Поэтому Кая точно знала, кто сказал, что так нельзя и почему. Но произнести это вслух не осмелилась. Открыла и закрыла рот, глубоко задумавшись. Это ведь учение Церкви Благого Демиурга, разве может оно быть применимо к северянам? У них ведь свои боги. И эти боги, судя по всему, никак не регламентировали любовь между мужчиной и женщиной. Правильно ли это? Хорошо ли? Нормально ли не осуждать женщину за то, что она отдалась мужчине, не ставшем ей супругом?

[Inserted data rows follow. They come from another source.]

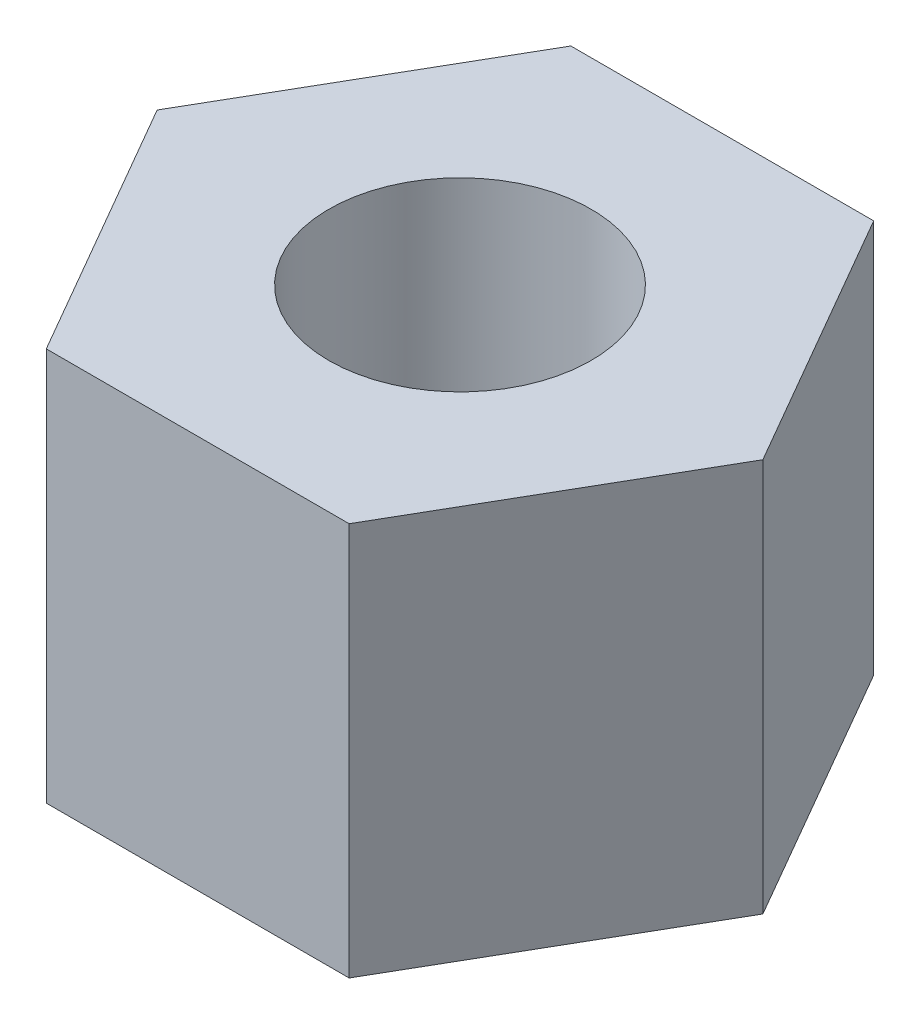
from build123d import *

# Parameters (mm, degrees)
SKETCH_1_R      = 1
EXTRUDE_1_DEPTH = 3


with BuildPart() as part:
    # 草图1 → 凸台-拉伸1 (new body)
    with BuildSketch(Plane(origin=(0, 0, 0), x_dir=(1, 0, 0), z_dir=(0, 1, 0))):
        Polygon((2.309401077, 0), (1.154700538, 2), (-1.154700538, 2), (-2.309401077, 0), (-1.154700538, -2), (1.154700538, -2), align=None)
        Circle(SKETCH_1_R, mode=Mode.SUBTRACT)
    extrude(amount=EXTRUDE_1_DEPTH)


solid = part.part

— Но как… — Кая хотела уложить в голове, что такое возможно и никак не возбраняется, что просто любовники никак не преследуются, что это в норме вещей, но у нее не получалось. Она была научена иному. Женщина, что была опозорена, изгонялась из общества. Поэтому так легко было казнить первую королеву. — Почему? Вы… Выходит, она совсем не защищена. Если вдруг вы решите оставить ее, она будет совсем одна.

— И? Если вдруг — то Лека легко найдет себе другого. Она слишком красива, чтобы долго оставаться одинокой, — Ульф рассмеялся. Опять.

Он снова и снова потешался над ее непониманием. Кая даже про усталость забыла, так ее задевал этот разговор.

— И это нормально? — нерешительно спросила. Ульф в ответ пожал плечами, мол, да, а что такого?

Кая и сама не понимала, что такого, но в голове все время всплывали строчки трактатов о чистоте и что женщина может принадлежать лишь одному мужчине, что только так можно быть угодным Благому. А все отступницы, нечистые, должны быть сурово наказаны. Особенно это касалось леди. Поэтому они так блюли свою репутацию. При наличии доказательств проводилась проверка, и никому не было пощады. О разводе или расторжении отношений женщиной и речи быть не могло. Вдов и разведенных повторно в жены почти не брали.

Но у северян, выходит, все было иначе. Лека могла оставить Ульфа и просто встретить другого мужчину. Никто не осудит, ничего не скажет. Это нормально.

Кая припомнила, сколько девичьих жизней было испорчено после обвинения в прелюбодеянии, сколько были обмануты мужчинами, обещавшими жениться, и подумала, что северяне все же правы, а трактатом церкви стоит подпалить костер, на котором будет гореть Тимей.

— Вы правы, — Кая виновато улыбнулась. — Простите, я забываю, что вам нет дела до учения церкви. Надеюсь, однажды и в Лейхгаре будет так же.

Усталость внезапно вновь на нее навалилась.

Дверь в комнату распахнулась, и две служанки внесли большое деревянное корыто. За ними следом вошла Лека.

Кая наконец обратила внимание, как она держалась рядом с Ульфом. В ней не было слепого раболепия, нездорового обожания или страха, свойственного большинству женщин Лейхгара. Лека была равной своему избраннику. В замке, среди леди, Кая такого почти никогда не видела. Горничные, конечно, были в этом попроще, но все же не чета северянкам.

— Тебе нужно искупаться, — Лека стала двигать ширму к корыту. — Потом спи в моей кровати. Я ещё пойду достану вам лошадей. Они тебя загоняли, да? Знаю я их. Вон ноги сбила. Кто вообще в такой обуви идет в лес?

Она не замолкала, и от ее живого бодрого голоса Кая засыпала. Казалось, она и правда задремала прям на стуле, пока служанки таверны носили воду.

— Эй, — Лека тронула её плечо. — Мойся и лезь под одеяло. Не спи так на стуле.

Кая моргнула несколько раз. Голова страшно гудела. Она поддалась Леке, которая тянула ее за руку, встала и пошла за ширму.

За окном совсем рассвело. Долгая ночь перемен наконец подошла к концу.

Кая, сонная, потянула за шнурок на платье и вдруг опомнилась.

Она резко убрала руки от тесьмы и выглянула из-за ширмы. Ульф дремал на одной из кроватей. Ньял склонился над столом, судя по всему, на нем лежала карта. Лека складывала вещи на пустующую кровать.